A les entendre, sa duplicité et sa misogynie n’étaient pas seulement politiques, mais aussi franchement cliniques. Les photos et les messages qu’elles m’ont montrés me prouvaient qu’elles disaient vrai quant à la nature intime de leur relation. Elles ne suffisaient pas à prouver les violences. Pour porter de telles accusations sur la place publique, il fallait au moins une plainte. L’une des filles y était prête. Je l’ai présentée à un juge, à qui elle a redit sa nuit d’horreur : des sévices tombant clairement sous le coup de la loi. Quelques jours après, elle m’appelait pour me demander de tout laisser tomber. Elle venait de recevoir une menace plus explicite que les autres. Elle craquait. Je ne pouvais pas et je ne voulais pas la forcer. Une épreuve terrible l’attendait. Si elle flanchait à ce stade, elle ne tiendrait jamais. Ramadan s’en sortirait, une fois de plus.

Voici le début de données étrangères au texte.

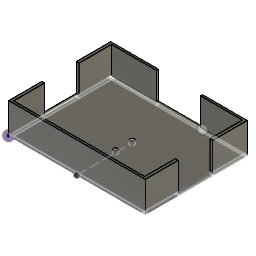
top (Autodesk Fusion 360 design; units mm, degrees)
part number: 2026-01-02-18-49-30-717
Autodesk Fusion 360 part; units mm, degrees
sketch "Szkic1" plane through (0, 0, 0) normal (0, 0, 1) x (1, 0, 0)
  line L0 (0, 0) -> (99, 0)
  line L1 (99, 0) -> (99, 74)
  line L2 (99, 74) -> (0, 74)
  line L3 (0, 74) -> (0, 0)
  line L4 (0, 74) -> (2, 74)
  line L5 (2, 74) -> (2, 0)
  line L6 (0, 74) -> (0, 72.5)
  line L7 (0, 72.5) -> (99, 72.5)
  line L8 (0, 0) -> (0, 1.5)
  line L9 (0, 1.5) -> (99, 1.5)
  line L10 (99, 0) -> (97, 0)
  line L11 (97, 0) -> (97, 74)
  line L12 (0, 74) -> (34.5, 74)
  line L13 (34.5, 74) -> (34.5, 72.5)
  line L14 (66.5, 74) -> (66.5, 72.5)
  line L15 (0, 74) -> (0, 49)
  line L16 (0, 49) -> (2, 49)
  line L17 (0, 49) -> (0, 24)
  line L18 (0, 24) -> (2, 24)
  line L19 (99, 74) -> (99, 49)
  line L20 (99, 49) -> (97, 49)
  line L21 (99, 49) -> (99, 24)
  line L22 (99, 24) -> (97, 24)
  line L23 (49.5, 0) -> (49.5, 28) construction
  line L24 (49.5, 28) -> (49.5, 40) construction
  circle A0 centre (49.5, 40) radius 1.5
  circle A1 centre (49.5, 28) radius 1.5
  point P0 (49.5, 0)
  dimension "d1" = 99
  dimension "d2" = 74
  dimension "d3" = 2
  dimension "d5" = 2
  dimension "d6" = 34.5
  dimension "d7" = 32
  dimension "d8" = 25
  dimension "d9" = 25
  dimension "d10" = 25
  dimension "d11" = 25
  dimension "d18" = 3
  dimension "d19" = 3
  dimension "d22" = 28
  dimension "d23" = 12
  dimension "d26" = 1.5
  dimension "d27" = 1.5
  constraint horizontal L0
  constraint vertical L1
  constraint horizontal L2
  constraint vertical L3
  constraint coincident L0.start L3.end
  constraint horizontal L4
  constraint coincident L0 L5.end
  constraint perpendicular L0 L5
  constraint perpendicular L2 L6
  constraint coincident L1 L7.end
  constraint perpendicular L1 L7
  constraint coincident L3 L8.end
  constraint coincident L1 L9.end
  constraint perpendicular L1 L9
  constraint horizontal L10
  constraint coincident L2 L11.end
  constraint perpendicular L7 L11
  constraint perpendicular L5 L12
  constraint coincident L7 L13.end
  constraint perpendicular L7 L13
  constraint coincident L7 L14.end
  constraint perpendicular L7 L14
  constraint perpendicular L2 L15
  constraint coincident L5 L16.end
  constraint perpendicular L5 L16
  constraint perpendicular L16 L17
  constraint coincident L5 L18.end
  constraint perpendicular L5 L18
  constraint perpendicular L7 L19
  constraint coincident L11 L20.end
  constraint perpendicular L11 L20
  constraint perpendicular L20 L21
  constraint coincident L11 L22.end
  constraint perpendicular L11 L22
  constraint midpoint L0 P0
  constraint coincident P0 L23.start
  constraint perpendicular L9 L23
  constraint parallel L23 L24
  constraint coincident L24.end A0.centre
  constraint coincident L23.end L24.start
  measures "d1" distance of L0.start L0.end
  measures "d2" distance of L0.start L2.end
  measures "d3" distance of L2.end L4.end
  measures "d5" distance of L0.end L10.end
  measures "d6" distance of L2.end L12.end
  measures "d7" distance of L12.end L14.start
  measures "d8" distance of L2.end L15.end
  measures "d9" distance of L15.end L17.end
  measures "d10" distance of L1.end L19.end
  measures "d11" distance of L19.end L21.end
  measures "d18" diameter of A0
  measures "d19" diameter of A1
  measures "d22" distance of L0 L23.end
  measures "d23" distance of L24.end L23.end
  measures "d26" distance of L0 L9
  measures "d27" distance of L2 L7
extrude "Wyciągnięcie proste1" add sketch "Szkic1" along normal blind 22 contours L0 L3 L5 L8 L9 | L0 L5 L9 L11 | L3 L5 L9 L18 | L0 L1 L9 L10 L11 | L1 L9 L11 L22 | L3 L5 L7 L15 L16 | L2 L3 L4 L5 L6 L7 L12 L15 | L1 L7 L11 L19 L20 | L2 L5 L7 L12 L13 | L1 L2 L7 L11 L19 | L2 L7 L11 L14 makes body 1 at (33, 0, 7.3333) makes body 2 at (88.1667, 74, 14.6667) makes body 3 at (23, 74, 7.3333)
extrude "Wyciągnięcie proste2" add sketch "Szkic1" along normal blind 1 separate body contours L5 L7 L9 L11 | L3 L5 L16 L17 L18 | L1 L11 L20 L21 L22 | L2 L7 L13 L14 | A0 | A1 makes body 4
combine "Kombinacja1" operation add target body 4 tool bodies 3 1 2
extrude "Wyciągnięcie proste3" cut sketch "Szkic1" along normal blind 6 contours A0 | A1 bodies 4
extrude "Wyciągnięcie proste4" add 1 faces at (49.4799, 9.8337, 1) along direction (0, 0, 1) blind 1 on bodies 4 bodies 4
named bodies: "Bryła1"

Ces femmes ont continué d’alerter à leur manière, sur les réseaux sociaux. Et moi, partout où il était possible de mettre en garde contre Tariq Ramadan et son double. Il a fallu huit ans pour que la vérité éclate. Pendant toutes ces années, j’ai souvent repensé à son regard défait à la fin de notre confrontation. Quand deux de ces femmes ont sauté du public pour venir me féliciter et me dire merci devant lui. Ce jour-là, il a su. Qu’un jour, tout se saurait.